● **Aim of the exercise**: A faithful, word-for-word copy of the records is required, and it must contain no pictures.

● **Stored data**:
*** Block opens ***

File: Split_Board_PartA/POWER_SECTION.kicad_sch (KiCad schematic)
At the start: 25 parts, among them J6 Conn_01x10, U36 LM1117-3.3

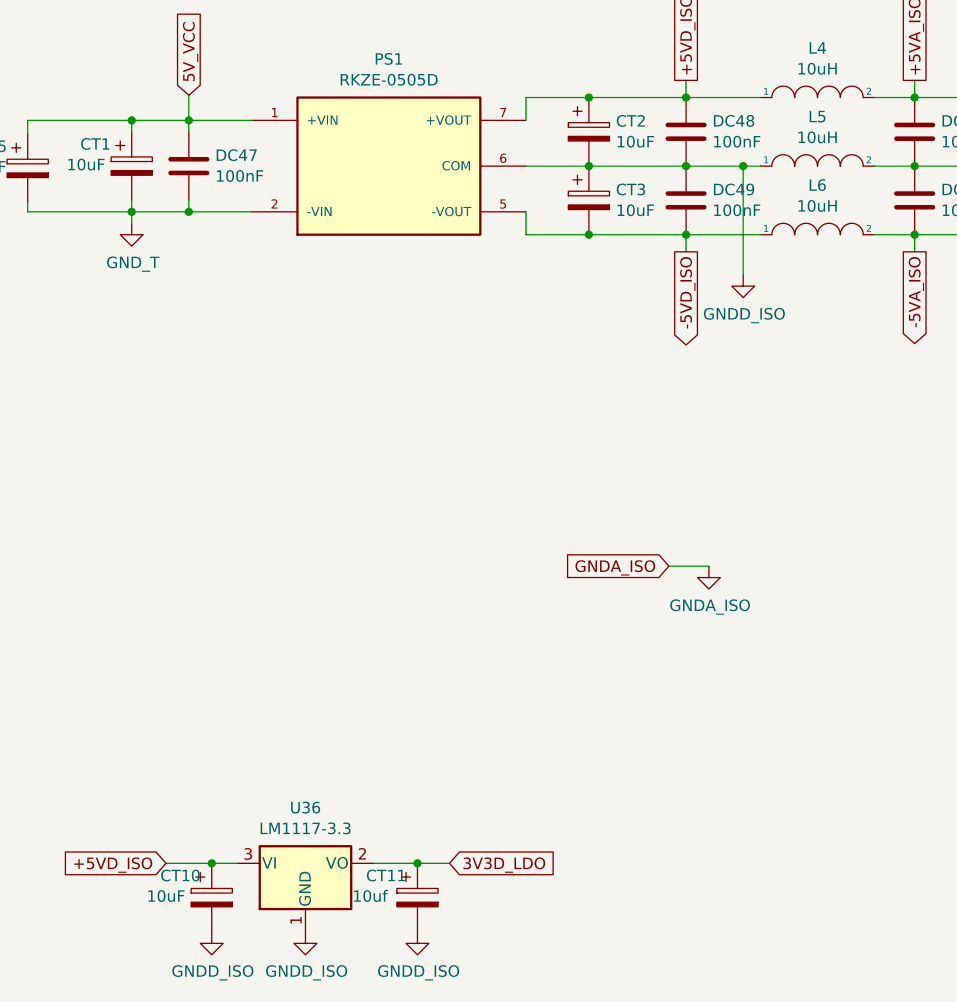
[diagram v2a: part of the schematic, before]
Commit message: eliminated the GNDD_ISO net
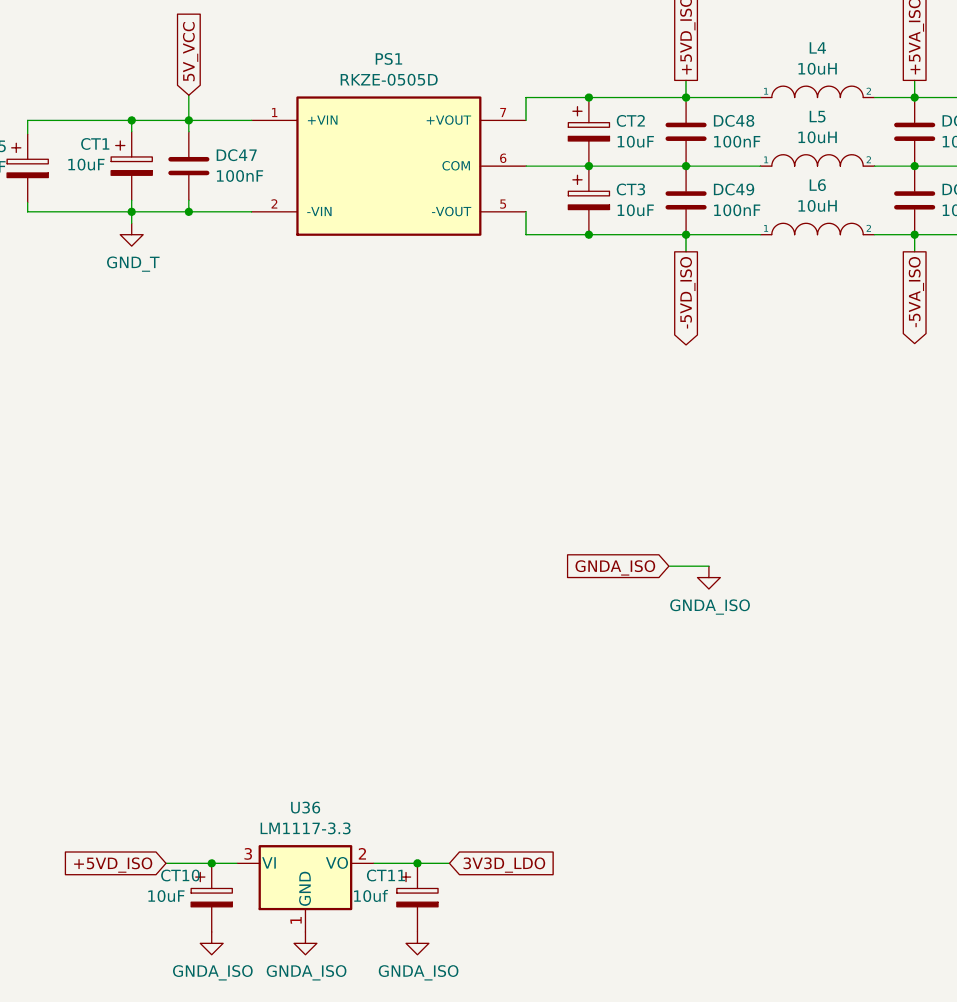
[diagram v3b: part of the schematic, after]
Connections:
- net GNDD_ISO: no longer CT2.2, CT3.1, DC48.2, DC49.1, L5.1, PS1.6 (COM)
- new net: CT2.2, CT3.1, DC48.2, DC49.1, L5.1, PS1.6 (COM)
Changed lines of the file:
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@@
   (junction (at 138.43 53.975) (diameter 0) (color 0 0 0 0)
   )
-  (junction (at 119.38 53.975) (diameter 0) (color 0 0 0 0)
-  )
   (wire (pts (xy 55.245 131.445) (xy 60.325 131.445))
     (stroke (width 0) (type default))
@@
     (stroke (width 0) (type default))
   )
-  (wire (pts (xy 113.03 53.975) (xy 119.38 53.975))
-    (stroke (width 0) (type default))
-  )
   (wire (pts (xy 113.03 61.595) (xy 121.285 61.595))
     (stroke (width 0) (type default))
@@
     (stroke (width 0) (type default))
   )
-  (wire (pts (xy 119.38 53.975) (xy 119.38 66.04))
-    (stroke (width 0) (type default))
-  )
   (wire (pts (xy 63.119 131.445) (xy 60.325 131.445))
     (stroke (width 0) (type default))
@@
     (stroke (width 0) (type default))
   )
-  (wire (pts (xy 119.38 53.975) (xy 121.285 53.975))
+  (wire (pts (xy 113.03 53.975) (xy 121.285 53.975))
     (stroke (width 0) (type default))
   )
@@
       (effects (font (size 1.27 1.27)) hide)
     )
-    (property "Value" "GNDD_ISO" (at 83.312 143.4592 0)
+    (property "Value" "GNDA_ISO" (at 83.312 143.4592 0)
       (effects (font (size 1.27 1.27)))
     )
@@
     )
   )
-  (symbol (lib_id "ohm3000Board-rescue:GNDD_ISO-power") (at 119.38 66.04 0) (unit 1)
-    (in_bom yes) (on_board yes) (dnp no)
-    (property "Reference" "#PWR0105" (at 119.38 72.39 0)
-      (effects (font (size 1.27 1.27)) hide)
-    )
-    (property "Value" "GNDD_ISO" (at 119.507 70.4342 0)
-      (effects (font (size 1.27 1.27)))
-    )
-    (property "Footprint" "" (at 119.38 66.04 0)
-      (effects (font (size 1.27 1.27)) hide)
-    )
-    (property "Datasheet" "" (at 119.38 66.04 0)
-      (effects (font (size 1.27 1.27)) hide)
-    )
-    (pin "1")
-    (instances
-      (project "ohm3000_ISO_Board"
-        (path "/cc48dd41-7768-48d3-b096-2c4cc2126c9d/00000000-0000-0000-0000-000060321a4f"
-          (reference "#PWR0105") (unit 1)
-        )
-      )
-      (project "Split_Board_PartA"
-        (path "/d606f975-4fc9-446c-a768-86bfd0ba9f6c/96c878e7-e6c5-471d-934c-d33573418638"
-          (reference "#PWR046") (unit 1)
-        )
-      )
-    )
-  )
   (symbol (lib_id "Mechanical:MountingHole") (at 219.583 141.986 0) (unit 1)
     (in_bom yes) (on_board yes) (dnp no)
@@
       (effects (font (size 1.27 1.27)) hide)
     )
-    (property "Value" "GNDD_ISO" (at 60.452 143.4592 0)
+    (property "Value" "GNDA_ISO" (at 60.452 143.4592 0)
       (effects (font (size 1.27 1.27)))
     )
@@
       (effects (font (size 1.27 1.27)) hide)
     )
-    (property "Value" "GNDD_ISO" (at 70.866 143.4592 0)
-      (effects (font (size 1.27 1.27)))
-    )
+    (property "Value" "GNDA_ISO" (at 70.866 143.4592 0)
+      (effects (font (size 1.27 1.27)))
+    )

*** Block closes ***

● **Solution for this task**:
File: Split_Board_PartA/POWER_SECTION.kicad_sch (KiCad schematic)
At the start: 25 parts, among them J6 Conn_01x10, U36 LM1117-3.3

[diagram v2a: part of the schematic, before]
Commit message: eliminated the GNDD_ISO net
[diagram v3b: part of the schematic, after]
Connections:
- net GNDD_ISO: no longer CT2.2, CT3.1, DC48.2, DC49.1, L5.1, PS1.6 (COM)
- new net: CT2.2, CT3.1, DC48.2, DC49.1, L5.1, PS1.6 (COM)
Changed lines of the file:
@@
   (junction (at 138.43 53.975) (diameter 0) (color 0 0 0 0)
   )
-  (junction (at 119.38 53.975) (diameter 0) (color 0 0 0 0)
-  )
   (wire (pts (xy 55.245 131.445) (xy 60.325 131.445))
     (stroke (width 0) (type default))
@@
     (stroke (width 0) (type default))
   )
-  (wire (pts (xy 113.03 53.975) (xy 119.38 53.975))
-    (stroke (width 0) (type default))
-  )
   (wire (pts (xy 113.03 61.595) (xy 121.285 61.595))
     (stroke (width 0) (type default))
@@
     (stroke (width 0) (type default))
   )
-  (wire (pts (xy 119.38 53.975) (xy 119.38 66.04))
-    (stroke (width 0) (type default))
-  )
   (wire (pts (xy 63.119 131.445) (xy 60.325 131.445))
     (stroke (width 0) (type default))
@@
     (stroke (width 0) (type default))
   )
-  (wire (pts (xy 119.38 53.975) (xy 121.285 53.975))
+  (wire (pts (xy 113.03 53.975) (xy 121.285 53.975))
     (stroke (width 0) (type default))
   )
@@
       (effects (font (size 1.27 1.27)) hide)
     )
-    (property "Value" "GNDD_ISO" (at 83.312 143.4592 0)
+    (property "Value" "GNDA_ISO" (at 83.312 143.4592 0)
       (effects (font (size 1.27 1.27)))
     )
@@
     )
   )
-  (symbol (lib_id "ohm3000Board-rescue:GNDD_ISO-power") (at 119.38 66.04 0) (unit 1)
-    (in_bom yes) (on_board yes) (dnp no)
-    (property "Reference" "#PWR0105" (at 119.38 72.39 0)
-      (effects (font (size 1.27 1.27)) hide)
-    )
-    (property "Value" "GNDD_ISO" (at 119.507 70.4342 0)
-      (effects (font (size 1.27 1.27)))
-    )
-    (property "Footprint" "" (at 119.38 66.04 0)
-      (effects (font (size 1.27 1.27)) hide)
-    )
-    (property "Datasheet" "" (at 119.38 66.04 0)
-      (effects (font (size 1.27 1.27)) hide)
-    )
-    (pin "1")
-    (instances
-      (project "ohm3000_ISO_Board"
-        (path "/cc48dd41-7768-48d3-b096-2c4cc2126c9d/00000000-0000-0000-0000-000060321a4f"
-          (reference "#PWR0105") (unit 1)
-        )
-      )
-      (project "Split_Board_PartA"
-        (path "/d606f975-4fc9-446c-a768-86bfd0ba9f6c/96c878e7-e6c5-471d-934c-d33573418638"
-          (reference "#PWR046") (unit 1)
-        )
-      )
-    )
-  )
   (symbol (lib_id "Mechanical:MountingHole") (at 219.583 141.986 0) (unit 1)
     (in_bom yes) (on_board yes) (dnp no)
@@
       (effects (font (size 1.27 1.27)) hide)
     )
-    (property "Value" "GNDD_ISO" (at 60.452 143.4592 0)
+    (property "Value" "GNDA_ISO" (at 60.452 143.4592 0)
       (effects (font (size 1.27 1.27)))
     )
@@
       (effects (font (size 1.27 1.27)) hide)
     )
-    (property "Value" "GNDD_ISO" (at 70.866 143.4592 0)
-      (effects (font (size 1.27 1.27)))
-    )
+    (property "Value" "GNDA_ISO" (at 70.866 143.4592 0)
+      (effects (font (size 1.27 1.27)))
+    )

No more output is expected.